Stored data entries

----

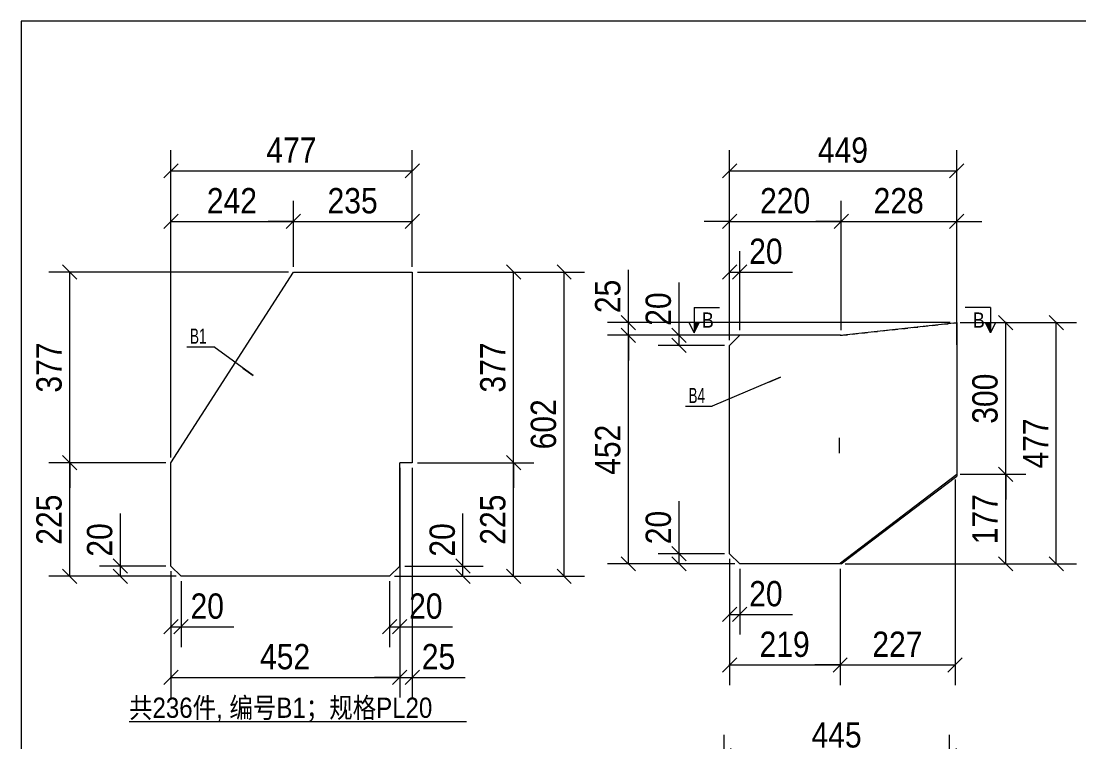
# Model space of a CAD drawing. Header units: inches. Extents: x 0 to 1938, y -2180 to 0.
# Drawn here: x 655 to 864, y -1902.5 to -1760 of the extents above; entities that cross this region are included whole.
import ezdxf

# ---------------------------------------------------------------- set-up
doc = ezdxf.new("R2010")
doc.units = ezdxf.units.IN
doc.header["$MEASUREMENT"] = 0
for name, pattern in [('XKITLINE00', [0]), ('XKITLINE01', [4, 1, -1, 1, -1]), ('XKITLINE03', [6, 3, -1, 1, -1])]:
    doc.linetypes.add(name, pattern=pattern)
for name, color, linetype, lineweight in [('DrawingSheet', 5, 'Continuous', 0), ('OtherObjectType', 1, 'Continuous', 0), ('Part', 2, 'Continuous', 0), ('PartMark', 3, 'Continuous', 0), ('Section', 6, 'Continuous', 0), ('Z-DIMENSIONS', 1, 'Continuous', 0)]:
    doc.layers.add(name, color=color, linetype=linetype, lineweight=lineweight)
doc.styles.add('Arial Narrow', font='ARIAL.TTF')
doc.styles.add('romsim', font='ARIAL.TTF')
doc.styles.add('宋体', font='ARIAL.TTF')

# ---------------------------------------------------------------- blocks, each defined once
blk = doc.blocks.new('*A1976')
at = {"layer": 'Part', "color": 2, "linetype": 'XKITLINE00', "lineweight": 0}
for p, q in [((34.6, 337.7), (58.8, 375.4)), ((58.8, 375.4), (82.3, 375.4)), ((82.3, 375.4), (82.3, 337.7)), ((34.6, 317.25), (34.6, 337.7)), ((79.8, 317.25), (79.8, 337.7)), ((82.3, 337.7), (79.8, 337.7)), ((36.6, 315.25), (34.6, 317.25)), ((79.8, 317.25), (77.8, 315.25)), ((77.8, 315.25), (36.6, 315.25))]:
    blk.add_line(p, q, dxfattribs=at)
blk = doc.blocks.new('*A1980')
at = {"layer": 'Part', "color": 2, "linetype": 'XKITLINE00', "lineweight": 0}
for p, q in [((166.9, 362.93), (189.87, 365.4)), ((189.87, 365.4), (189.87, 335.06)), ((147, 362.9), (145, 360.9)), ((166.86, 362.9), (147, 362.9)), ((166.86, 362.9), (166.9, 362.93)), ((145, 319.7), (145, 360.9)), ((166.9, 317.9), (189.87, 335.4)), ((167.07, 317.7), (189.87, 335.06)), ((147, 317.7), (145, 319.7)), ((166.74, 317.7), (147, 317.7)), ((166.74, 317.7), (166.9, 317.9)), ((167.07, 317.7), (166.74, 317.7))]:
    blk.add_line(p, q, dxfattribs=at)
at = {"layer": 'Part', "color": 6, "linetype": 'XKITLINE01', "lineweight": 0}
for p, q in [((167.28, 362.9), (189.87, 365.35)), ((189.87, 365.35), (189.87, 365.4)), ((166.9, 362.9), (166.86, 362.9)), ((166.86, 362.9), (167.28, 362.9)), ((166.9, 317.7), (166.74, 317.7))]:
    blk.add_line(p, q, dxfattribs=at)
at = {"layer": 'Part', "color": 1, "linetype": 'XKITLINE03', "lineweight": 0}
blk.add_line((166.74, 339.59), (166.74, 343.51), dxfattribs=at)
blk = doc.blocks.new('*A2003')
at = {"layer": 'DrawingSheet', "color": 5, "linetype": 'XKITLINE00', "lineweight": 0}
for p, q in [((635, 425), (5, 425)), ((5, 425), (5, 5))]:
    blk.add_line(p, q, dxfattribs=at)
blk = doc.blocks.new('*A2006')
at = {"layer": 'OtherObjectType', "color": 6, "linetype": 'XKITLINE00', "lineweight": 0}
blk.add_line((26.32, 286.5), (92.98, 286.5), dxfattribs=at)
at = {"layer": 'OtherObjectType', "color": 3, "style": '宋体', "width": 0.85}
blk.add_text('共236件, 编号B1；规格PL20', height=4, dxfattribs=at).set_placement((26.32, 287.25))
blk = doc.blocks.new('*A2007')
at = {"layer": 'Z-DIMENSIONS', "color": 4, "linetype": 'XKITLINE00', "lineweight": 0}
for p, q in [((34.6, 316.25), (34.6, 301.25)), ((36.6, 314.25), (36.6, 301.25)), ((36.01, 306.66), (33.19, 303.84)), ((34.6, 305.25), (36.6, 305.25)), ((38.01, 306.66), (35.19, 303.84)), ((36.6, 305.25), (47.02, 305.25)), ((36.6, 305.25), (47.02, 305.25))]:
    blk.add_line(p, q, dxfattribs=at)
at = {"layer": 'Z-DIMENSIONS', "color": 7}
for p in [(34.6, 305.25), (36.6, 305.25)]:
    blk.add_point(p, dxfattribs=at)
at = {"layer": 'Z-DIMENSIONS', "color": 7, "style": 'Arial Narrow', "width": 0.85}
blk.add_text('20', height=5, dxfattribs=at).set_placement((38.47, 306.85))
blk = doc.blocks.new('*A2008')
at = {"layer": 'Z-DIMENSIONS', "color": 4, "linetype": 'XKITLINE00', "lineweight": 0}
for p, q in [((79.8, 316.25), (79.8, 301.25)), ((77.8, 314.25), (77.8, 301.25)), ((79.21, 306.66), (76.39, 303.84)), ((77.8, 305.25), (79.8, 305.25)), ((81.21, 306.66), (78.39, 303.84)), ((79.8, 305.25), (90.22, 305.25)), ((79.8, 305.25), (90.22, 305.25))]:
    blk.add_line(p, q, dxfattribs=at)
at = {"layer": 'Z-DIMENSIONS', "color": 7}
for p in [(77.8, 305.25), (79.8, 305.25)]:
    blk.add_point(p, dxfattribs=at)
at = {"layer": 'Z-DIMENSIONS', "color": 7, "style": 'Arial Narrow', "width": 0.85}
blk.add_text('20', height=5, dxfattribs=at).set_placement((81.67, 306.85))
blk = doc.blocks.new('*A2009')
at = {"layer": 'Z-DIMENSIONS', "color": 4, "linetype": 'XKITLINE00', "lineweight": 0}
for p, q in [((24.6, 317.25), (24.6, 327.67)), ((24.6, 317.25), (24.6, 327.67)), ((23.19, 318.66), (26.01, 315.84)), ((33.6, 317.25), (20.5, 317.25)), ((23.19, 316.66), (26.01, 313.84)), ((24.6, 315.25), (24.6, 317.25)), ((35.6, 315.25), (20.5, 315.25))]:
    blk.add_line(p, q, dxfattribs=at)
at = {"layer": 'Z-DIMENSIONS', "color": 7}
for p in [(24.6, 317.25), (24.6, 315.25)]:
    blk.add_point(p, dxfattribs=at)
at = {"layer": 'Z-DIMENSIONS', "color": 7, "style": 'Arial Narrow', "width": 0.85}
blk.add_text('20', height=5, rotation=90.0002, dxfattribs=at).set_placement((23, 319.12))
blk = doc.blocks.new('*A2010')
at = {"layer": 'Z-DIMENSIONS', "color": 4, "linetype": 'XKITLINE00', "lineweight": 0}
for p, q in [((92.3, 317.25), (92.3, 327.67)), ((92.3, 317.25), (92.3, 327.67)), ((90.89, 318.66), (93.71, 315.84)), ((80.8, 317.25), (96.3, 317.25)), ((90.89, 316.66), (93.71, 313.84)), ((92.3, 315.25), (92.3, 317.25)), ((78.8, 315.25), (96.3, 315.25))]:
    blk.add_line(p, q, dxfattribs=at)
at = {"layer": 'Z-DIMENSIONS', "color": 7}
for p in [(92.3, 317.25), (92.3, 315.25)]:
    blk.add_point(p, dxfattribs=at)
at = {"layer": 'Z-DIMENSIONS', "color": 7, "style": 'Arial Narrow', "width": 0.85}
blk.add_text('20', height=5, rotation=90.0002, dxfattribs=at).set_placement((90.7, 319.12))
blk = doc.blocks.new('*A2011')
at = {"layer": 'Z-DIMENSIONS', "color": 4, "linetype": 'XKITLINE00', "lineweight": 0}
for p, q in [((58.8, 376.4), (58.8, 389.5)), ((82.3, 376.4), (82.3, 389.5)), ((60.21, 386.81), (57.39, 383.99)), ((83.71, 386.81), (80.89, 383.99)), ((58.8, 385.4), (53.8, 385.4)), ((58.8, 385.4), (82.3, 385.4))]:
    blk.add_line(p, q, dxfattribs=at)
at = {"layer": 'Z-DIMENSIONS', "color": 7}
for p in [(58.8, 385.4), (82.3, 385.4)]:
    blk.add_point(p, dxfattribs=at)
at = {"layer": 'Z-DIMENSIONS', "color": 7, "style": 'Arial Narrow', "width": 0.85}
blk.add_text('235', height=5, dxfattribs=at).set_placement((65.55, 387))
blk = doc.blocks.new('*A2012')
at = {"layer": 'Z-DIMENSIONS', "color": 4, "linetype": 'XKITLINE00', "lineweight": 0}
for p, q in [((34.6, 338.7), (34.6, 389.5)), ((58.8, 376.4), (58.8, 389.5)), ((36.01, 386.81), (33.19, 383.99)), ((60.21, 386.81), (57.39, 383.99)), ((34.6, 385.4), (58.8, 385.4)), ((58.8, 385.4), (63.8, 385.4))]:
    blk.add_line(p, q, dxfattribs=at)
at = {"layer": 'Z-DIMENSIONS', "color": 7}
for p in [(34.6, 385.4), (58.8, 385.4)]:
    blk.add_point(p, dxfattribs=at)
at = {"layer": 'Z-DIMENSIONS', "color": 7, "style": 'Arial Narrow', "width": 0.85}
blk.add_text('242', height=5, dxfattribs=at).set_placement((41.7, 387))
blk = doc.blocks.new('*A2013')
at = {"layer": 'Z-DIMENSIONS', "color": 4, "linetype": 'XKITLINE00', "lineweight": 0}
for p, q in [((79.8, 336.7), (79.8, 291.25)), ((82.3, 336.7), (82.3, 291.25)), ((79.8, 295.25), (74.8, 295.25)), ((81.21, 296.66), (78.39, 293.84)), ((79.8, 295.25), (82.3, 295.25)), ((83.71, 296.66), (80.89, 293.84)), ((82.3, 295.25), (92.72, 295.25)), ((82.3, 295.25), (92.72, 295.25))]:
    blk.add_line(p, q, dxfattribs=at)
at = {"layer": 'Z-DIMENSIONS', "color": 7}
for p in [(79.8, 295.25), (82.3, 295.25)]:
    blk.add_point(p, dxfattribs=at)
at = {"layer": 'Z-DIMENSIONS', "color": 7, "style": 'Arial Narrow', "width": 0.85}
blk.add_text('25', height=5, dxfattribs=at).set_placement((84.17, 296.85))
blk = doc.blocks.new('*A2014')
at = {"layer": 'Z-DIMENSIONS', "color": 4, "linetype": 'XKITLINE00', "lineweight": 0}
for p, q in [((79.8, 336.7), (79.8, 291.25)), ((34.6, 316.25), (34.6, 291.25)), ((36.01, 296.66), (33.19, 293.84)), ((34.6, 295.25), (79.8, 295.25)), ((81.21, 296.66), (78.39, 293.84)), ((79.8, 295.25), (84.8, 295.25))]:
    blk.add_line(p, q, dxfattribs=at)
at = {"layer": 'Z-DIMENSIONS', "color": 7}
for p in [(34.6, 295.25), (79.8, 295.25)]:
    blk.add_point(p, dxfattribs=at)
at = {"layer": 'Z-DIMENSIONS', "color": 7, "style": 'Arial Narrow', "width": 0.85}
blk.add_text('452', height=5, dxfattribs=at).set_placement((52.2, 296.85))
blk = doc.blocks.new('*A2015')
at = {"layer": 'Z-DIMENSIONS', "color": 4, "linetype": 'XKITLINE00', "lineweight": 0}
for p, q in [((13.19, 376.81), (16.01, 373.99)), ((57.8, 375.4), (10.5, 375.4)), ((14.6, 337.7), (14.6, 375.4)), ((13.19, 339.11), (16.01, 336.29)), ((33.6, 337.7), (10.5, 337.7)), ((14.6, 337.7), (14.6, 332.7))]:
    blk.add_line(p, q, dxfattribs=at)
at = {"layer": 'Z-DIMENSIONS', "color": 7}
for p in [(14.6, 375.4), (14.6, 337.7)]:
    blk.add_point(p, dxfattribs=at)
at = {"layer": 'Z-DIMENSIONS', "color": 7, "style": 'Arial Narrow', "width": 0.85}
blk.add_text('377', height=5, rotation=90.0002, dxfattribs=at).set_placement((13, 351.55))
blk = doc.blocks.new('*A2016')
at = {"layer": 'Z-DIMENSIONS', "color": 4, "linetype": 'XKITLINE00', "lineweight": 0}
for p, q in [((14.6, 337.7), (14.6, 342.7)), ((13.19, 339.11), (16.01, 336.29)), ((33.6, 337.7), (10.5, 337.7)), ((14.6, 315.25), (14.6, 337.7)), ((13.19, 316.66), (16.01, 313.84)), ((35.6, 315.25), (10.5, 315.25))]:
    blk.add_line(p, q, dxfattribs=at)
at = {"layer": 'Z-DIMENSIONS', "color": 7}
for p in [(14.6, 337.7), (14.6, 315.25)]:
    blk.add_point(p, dxfattribs=at)
at = {"layer": 'Z-DIMENSIONS', "color": 7, "style": 'Arial Narrow', "width": 0.85}
blk.add_text('225', height=5, rotation=90.0002, dxfattribs=at).set_placement((13, 321.48))
blk = doc.blocks.new('*A2017')
at = {"layer": 'Z-DIMENSIONS', "color": 4, "linetype": 'XKITLINE00', "lineweight": 0}
for p, q in [((100.89, 376.81), (103.71, 373.99)), ((83.3, 375.4), (106.3, 375.4)), ((102.3, 337.7), (102.3, 375.4)), ((100.89, 339.11), (103.71, 336.29)), ((83.3, 337.7), (106.3, 337.7)), ((102.3, 337.7), (102.3, 332.7))]:
    blk.add_line(p, q, dxfattribs=at)
at = {"layer": 'Z-DIMENSIONS', "color": 7}
for p in [(102.3, 375.4), (102.3, 337.7)]:
    blk.add_point(p, dxfattribs=at)
at = {"layer": 'Z-DIMENSIONS', "color": 7, "style": 'Arial Narrow', "width": 0.85}
blk.add_text('377', height=5, rotation=90.0002, dxfattribs=at).set_placement((100.7, 351.55))
blk = doc.blocks.new('*A2018')
at = {"layer": 'Z-DIMENSIONS', "color": 4, "linetype": 'XKITLINE00', "lineweight": 0}
for p, q in [((102.3, 337.7), (102.3, 342.7)), ((100.89, 339.11), (103.71, 336.29)), ((83.3, 337.7), (106.3, 337.7)), ((102.3, 315.25), (102.3, 337.7)), ((100.89, 316.66), (103.71, 313.84)), ((78.8, 315.25), (106.3, 315.25))]:
    blk.add_line(p, q, dxfattribs=at)
at = {"layer": 'Z-DIMENSIONS', "color": 7}
for p in [(102.3, 337.7), (102.3, 315.25)]:
    blk.add_point(p, dxfattribs=at)
at = {"layer": 'Z-DIMENSIONS', "color": 7, "style": 'Arial Narrow', "width": 0.85}
blk.add_text('225', height=5, rotation=90.0002, dxfattribs=at).set_placement((100.7, 321.48))
blk = doc.blocks.new('*A2019')
at = {"layer": 'Z-DIMENSIONS', "color": 4, "linetype": 'XKITLINE00', "lineweight": 0}
for p, q in [((34.6, 338.7), (34.6, 399.5)), ((82.3, 376.4), (82.3, 399.5)), ((36.01, 396.81), (33.19, 393.99)), ((34.6, 395.4), (82.3, 395.4)), ((83.71, 396.81), (80.89, 393.99))]:
    blk.add_line(p, q, dxfattribs=at)
at = {"layer": 'Z-DIMENSIONS', "color": 7}
for p in [(34.6, 395.4), (82.3, 395.4)]:
    blk.add_point(p, dxfattribs=at)
at = {"layer": 'Z-DIMENSIONS', "color": 7, "style": 'Arial Narrow', "width": 0.85}
blk.add_text('477', height=5, dxfattribs=at).set_placement((53.45, 397))
blk = doc.blocks.new('*A2020')
at = {"layer": 'Z-DIMENSIONS', "color": 4, "linetype": 'XKITLINE00', "lineweight": 0}
for p, q in [((110.89, 376.81), (113.71, 373.99)), ((83.3, 375.4), (116.3, 375.4)), ((112.3, 315.25), (112.3, 375.4)), ((110.89, 316.66), (113.71, 313.84)), ((78.8, 315.25), (116.3, 315.25))]:
    blk.add_line(p, q, dxfattribs=at)
at = {"layer": 'Z-DIMENSIONS', "color": 7}
for p in [(112.3, 375.4), (112.3, 315.25)]:
    blk.add_point(p, dxfattribs=at)
at = {"layer": 'Z-DIMENSIONS', "color": 7, "style": 'Arial Narrow', "width": 0.85}
blk.add_text('602', height=5, rotation=90.0002, dxfattribs=at).set_placement((110.7, 340.33))
blk = doc.blocks.new('*A2021')
at = {"layer": 'PartMark', "color": 4, "linetype": 'XKITLINE00', "lineweight": 0}
for p, q in [((37.76, 360.61), (43.05, 360.61)), ((50.83, 354.93), (43.05, 360.61)), ((48.81, 356.41), (50.83, 354.93))]:
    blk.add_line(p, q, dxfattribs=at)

----

EXERCISE » Only the lines above starting with the one with "doc.units = ezdxf.units.IN" and going through the one with "doc.linetypes.add(name, pattern=pattern)" are to be copied, word for word and with both ends kept.

SOLVED PROBLEM »
doc.units = ezdxf.units.IN
doc.header["$MEASUREMENT"] = 0
for name, pattern in [('XKITLINE00', [0]), ('XKITLINE01', [4, 1, -1, 1, -1]), ('XKITLINE03', [6, 3, -1, 1, -1])]:
    doc.linetypes.add(name, pattern=pattern)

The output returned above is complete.